As her children and loved ones flew in from Newfoundland and Alberta to be with her, the lyrics of Amazing Grace and Be Not Afraid mingled with Sonny’s Dream and Cape St. Mary’s could be heard drifting from her room. I don’t know if you have ever met a bunch of Newfs but put them in the same room with some Newfie music and you would swear that you were in Newfoundland. As the song Isle of Newfoundland played, surrounded by her family and friends, I am sure Nan’s spirit flew home to Newfoundland. She never got on that plane - she didn’t need to. Music took her there instead.

Isle of Newfoundland

In the cold Canadian waters north from the coast of Maine
There's an island called Newfoundland swept by snow, wind and rain
And on the island there's a village with it's customs and it's ways
A little town called Corner Brook, my home of childhood days.
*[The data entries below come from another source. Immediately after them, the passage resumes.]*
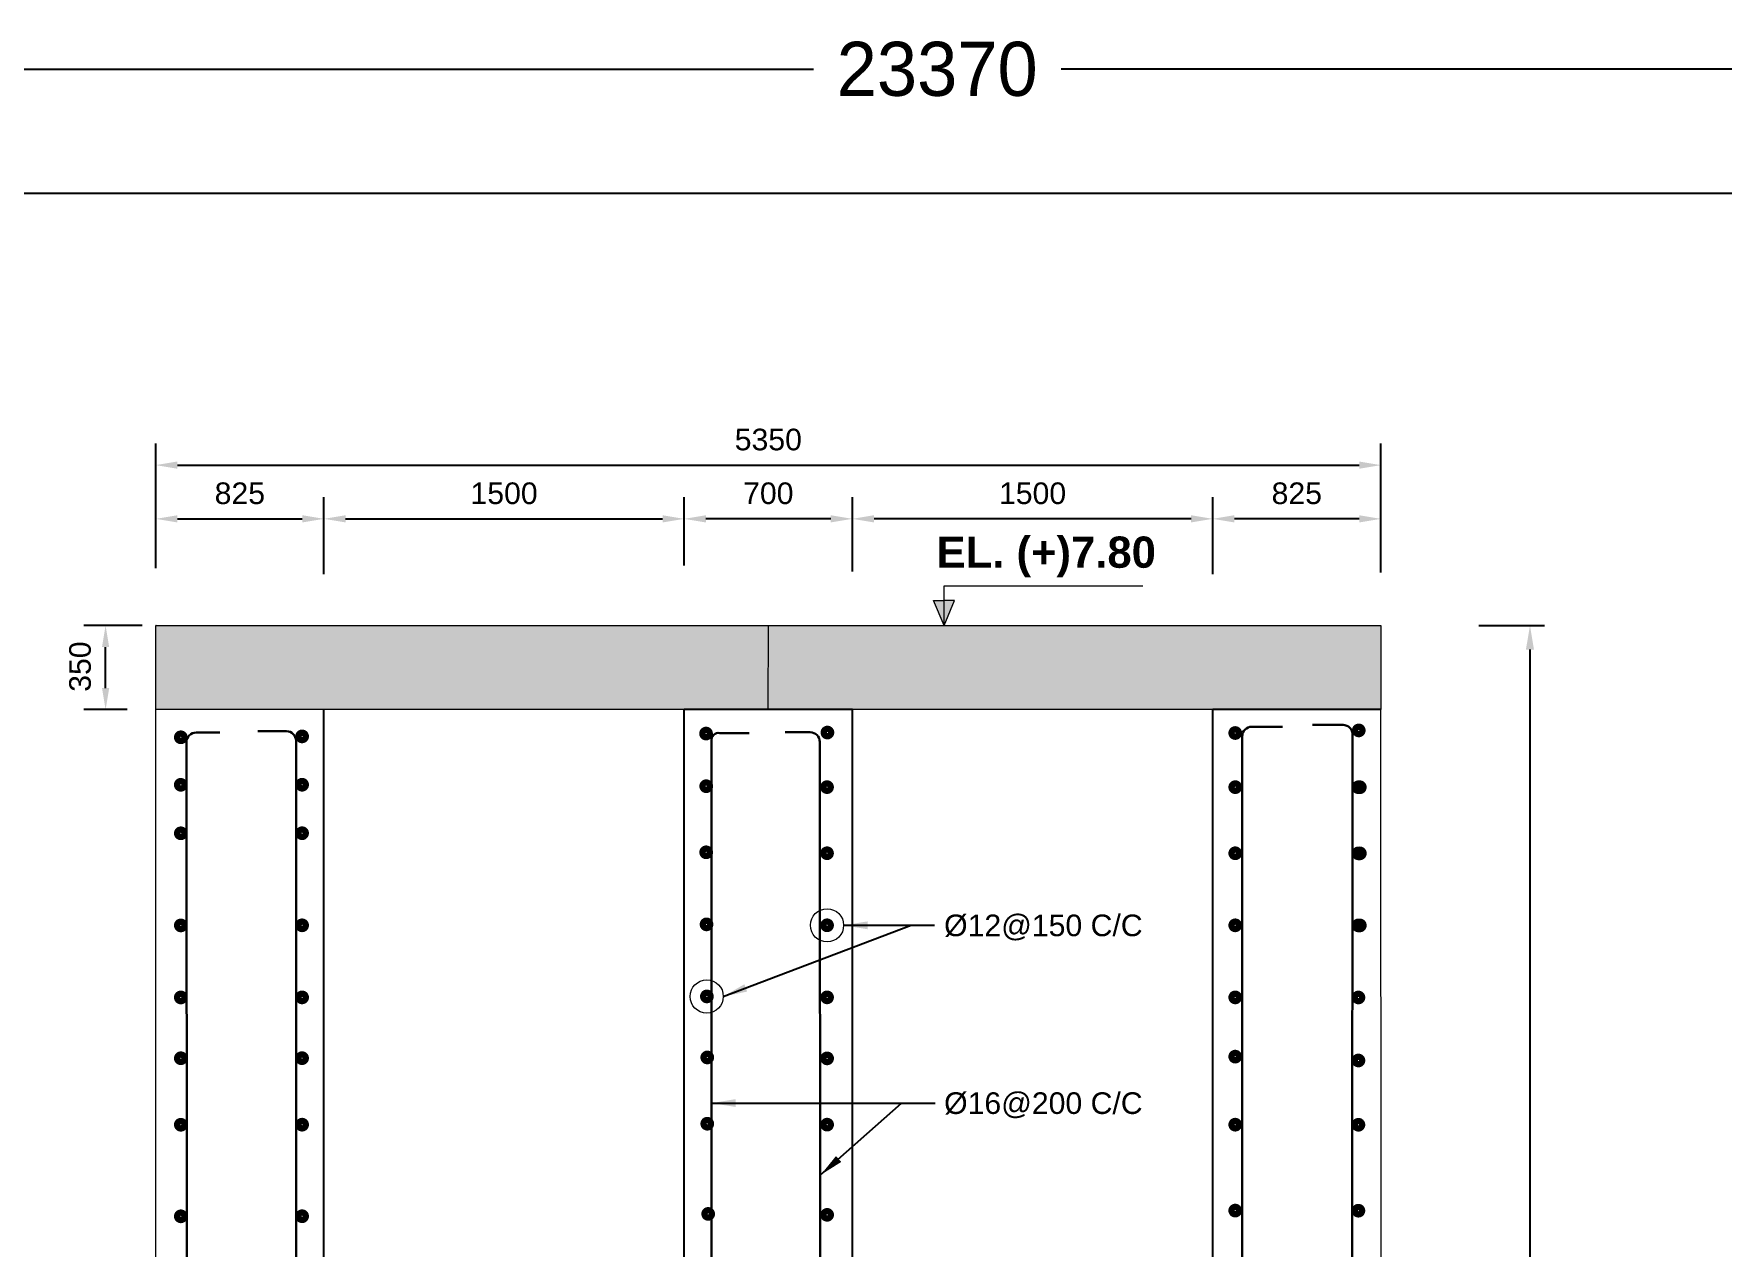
# Model space of a CAD drawing. Extents: x -358915 to 1258323, y -1667244 to -305611.
# Drawn here: x 440560 to 447589, y -1469339 to -1464286 of the extents above; entities that cross this region are included whole.
import ezdxf

# ---------------------------------------------------------------- set-up
doc = ezdxf.new("R2010")
doc.units = 0
doc.header["$LTSCALE"] = 300
doc.header["$MEASUREMENT"] = 0
doc.layers.get('DEFPOINTS').update_dxf_attribs({"linetype": 'CONTINUOUS'})
doc.layers.add('Dim', color=7, linetype='CONTINUOUS', lineweight=9)
doc.layers.add('ROD', color=1, linetype='CONTINUOUS', lineweight=30)
doc.layers.add('LINE', color=7, linetype='CONTINUOUS')
doc.layers.add('TXT', color=7, linetype='CONTINUOUS')
doc.styles.add('Arial', font='arial.ttf')
doc.styles.add('DIM', font='isocp3.shx')
doc.dimstyles.new('3', dxfattribs={"dimtxt": 225, "dimasz": 350, "dimexe": 100, "dimexo": 25, "dimgap": 9, "dimtad": 0, "dimdec": 0, "dimzin": 0, "dimdsep": 46, "dimtxsty": 'Standard', "dimcen": 0, "dimclrd": 5, "dimclre": 6, "dimclrt": 256, "dimadec": 0, "dimazin": 0, "dimtfac": 1, "dimtdec": 0, "dimtofl": 0, "dimtmove": 2, "dimatfit": 3, "dimfxl": 1, "dimtolj": 1, "dimtzin": 0, "dimarcsym": 0})
doc.dimstyles.new('dim_50', dxfattribs={"dimtxt": 100, "dimasz": 100, "dimexe": 50, "dimexo": 30, "dimgap": 30, "dimtad": 1, "dimdec": 0, "dimzin": 0, "dimdsep": 46, "dimtxsty": 'DIM', "dimcen": 0.09, "dimclrd": 5, "dimclre": 5, "dimclrt": 7, "dimadec": 0, "dimazin": 0, "dimtfac": 1, "dimtdec": 0, "dimtmove": 0, "dimatfit": 3, "dimfxl": 1, "dimtolj": 1, "dimtzin": 0, "dimarcsym": 1})
doc.dimstyles.new('dim_60', dxfattribs={"dimtxt": 120, "dimasz": 120, "dimexe": 60, "dimexo": 60, "dimgap": 50, "dimtad": 1, "dimdec": 0, "dimzin": 0, "dimdsep": 46, "dimtxsty": 'DIM', "dimcen": 0.09, "dimclrd": 5, "dimclre": 5, "dimclrt": 7, "dimadec": 0, "dimazin": 0, "dimtfac": 1, "dimtdec": 0, "dimtmove": 0, "dimatfit": 3, "dimfxl": 1, "dimtolj": 1, "dimtzin": 0, "dimarcsym": 0})

# ---------------------------------------------------------------- blocks, each defined once
blk = doc.blocks.new('*D502')
at = {"layer": 'DEFPOINTS', "color": 0, "ltscale": 500, "transparency": 16777216}
for p in [(446515.4, -1466750), (446518.4, -1473000.3), (446788.8, -1473000.3)]:
    blk.add_point(p, dxfattribs=at)
at = {"layer": 'Dim', "color": 5, "lineweight": -2, "ltscale": 500, "transparency": 16777216}
for p, q in [((446575.4, -1466750), (446848.8, -1466750)), ((446788.8, -1466850), (446788.8, -1472900.3)), ((446578.4, -1473000.3), (446848.8, -1473000.3))]:
    blk.add_line(p, q, dxfattribs=at)
at = {"layer": 'Dim', "color": 5, "ltscale": 500, "transparency": 16777216}
for points in [[(446772.1, -1466850), (446805.5, -1466850), (446788.8, -1466750)], [(446772.1, -1472900.3), (446805.5, -1472900.3), (446788.8, -1473000.3)]]:
    blk.add_solid(points, dxfattribs=at)
at = {"layer": 'Dim', "color": 7, "ltscale": 500, "transparency": 16777216, "insert": (446687.7, -1469875.2), "char_height": 100, "attachment_point": 5, "rotation": 90, "style": 'Arial'}
blk.add_mtext('\\A1;7800', dxfattribs=at)
blk = doc.blocks.new('*D503')
at = {"layer": 'DEFPOINTS', "color": 0, "transparency": 16777216}
for p in [(440859.3, -1466750), (441071.8, -1466750), (441009.2, -1467100.4)]:
    blk.add_point(p, dxfattribs=at)
at = {"layer": 'Dim', "color": 5, "lineweight": -2, "transparency": 16777216}
for p, q in [((441011.8, -1466750), (440769.3, -1466750)), ((440859.3, -1467010.4), (440859.3, -1466840)), ((440949.2, -1467100.4), (440769.3, -1467100.4))]:
    blk.add_line(p, q, dxfattribs=at)
at = {"layer": 'Dim', "color": 5, "transparency": 16777216}
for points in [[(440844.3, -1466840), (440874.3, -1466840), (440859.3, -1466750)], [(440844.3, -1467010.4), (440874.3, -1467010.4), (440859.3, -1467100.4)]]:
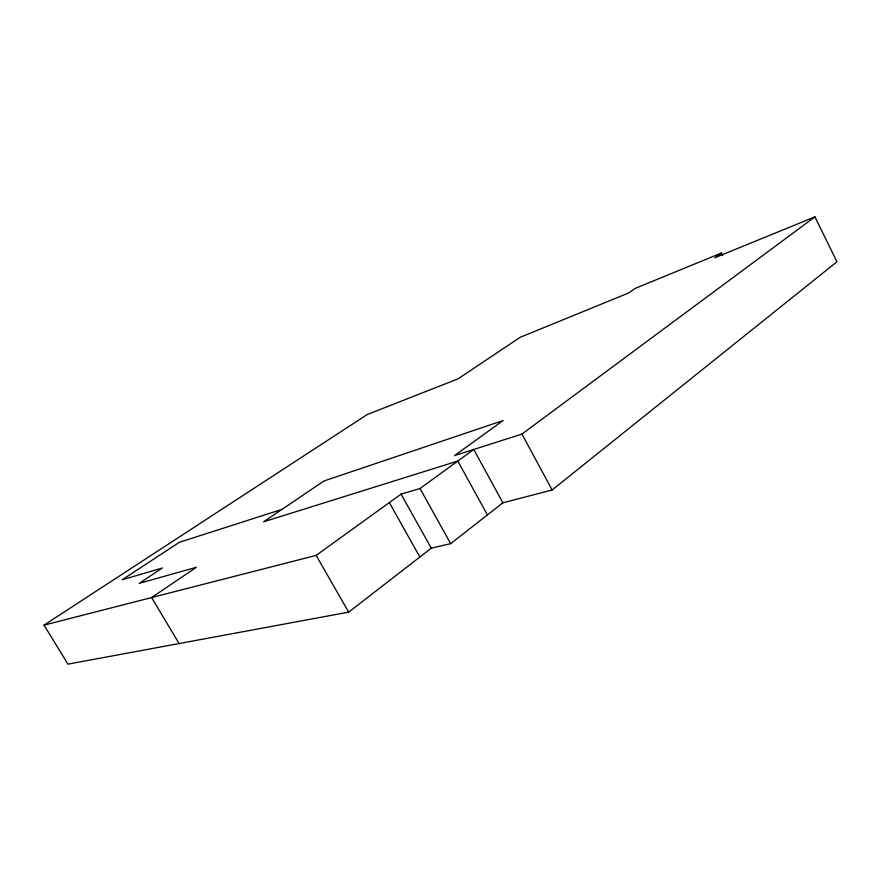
<?xml version="1.0" encoding="UTF-8"?>
<svg xmlns="http://www.w3.org/2000/svg" width="881" height="881" viewBox="0 0 881 881"><rect width="100%" height="100%" fill="white"/><g stroke="black" fill="none" stroke-linecap="round" stroke-linejoin="round"><path stroke-width="1.32" d="M501.807 503.106L552.123 489.99L836.95 261.767L814.914 216.858L714.7 257.814L721.473 252.99L722.695 255.413M450.665 543.654L502.908 502.82L473.747 449.464L420.017 488.515L401.086 494.131L316.147 555.393L44.05 625.125L67.947 664.142L348.678 612.141L431.272 548.191L450.665 543.654L420.017 488.515M487.402 514.933L457.812 461.049L263.617 521.805L323.933 481.004L503.161 420.512L454.519 455.598L521.948 434.08L814.914 216.858M44.05 625.125L367.256 414.522L457.988 378.874L520.186 337.302L628.726 292.944L635.52 288.252L721.473 252.99M281.964 509.383L179.438 542.267L122.162 579.775L162.379 567.992L139.242 583.343L196.364 567.298L151.631 597.549L179.085 643.559M316.147 555.393L348.678 612.141M389.347 502.599L419.852 557.034M401.086 494.131L431.272 548.191M521.948 434.08L552.123 489.99"/></g></svg>

Now those childhood days were something and carefree all the time.
Ther's a girl in every story and you know there's one in mine.
Well, she broke my heart so often it stays a little sore
And that's the reason I left home and can't go back no more.

Where the people make a living on the land and on the sea
And there are people on the island that mean the world the me.
Well, I wish I had the power to change the course of time
To live again in Newfoundland, my home of childhood time.

Well, I'd love to watch the sailboats as they glide across the bay
Just to see again the farmers sow the seed and cut the hay.
Well, this island has no strangers 'cuz everybody is you friend.
This little isle of Newfoundland, I'd sure love to see it once again.

Where the people make a living on the land and on the sea
And there are people on the island that mean the world the me.
Well, I wish I had the power to change the course of time
To live again in Newfoundland, my home of childhood time.
Just to live again in Newfoundland, my home of childhood time.

Dick Nolan

Addendum: As a physician, and as a nurse before that, I had been taught about the therapeutic value of music. I had even recommended it when I didn’t know what else to do; but until I experienced it’s healing power myself…I had no idea.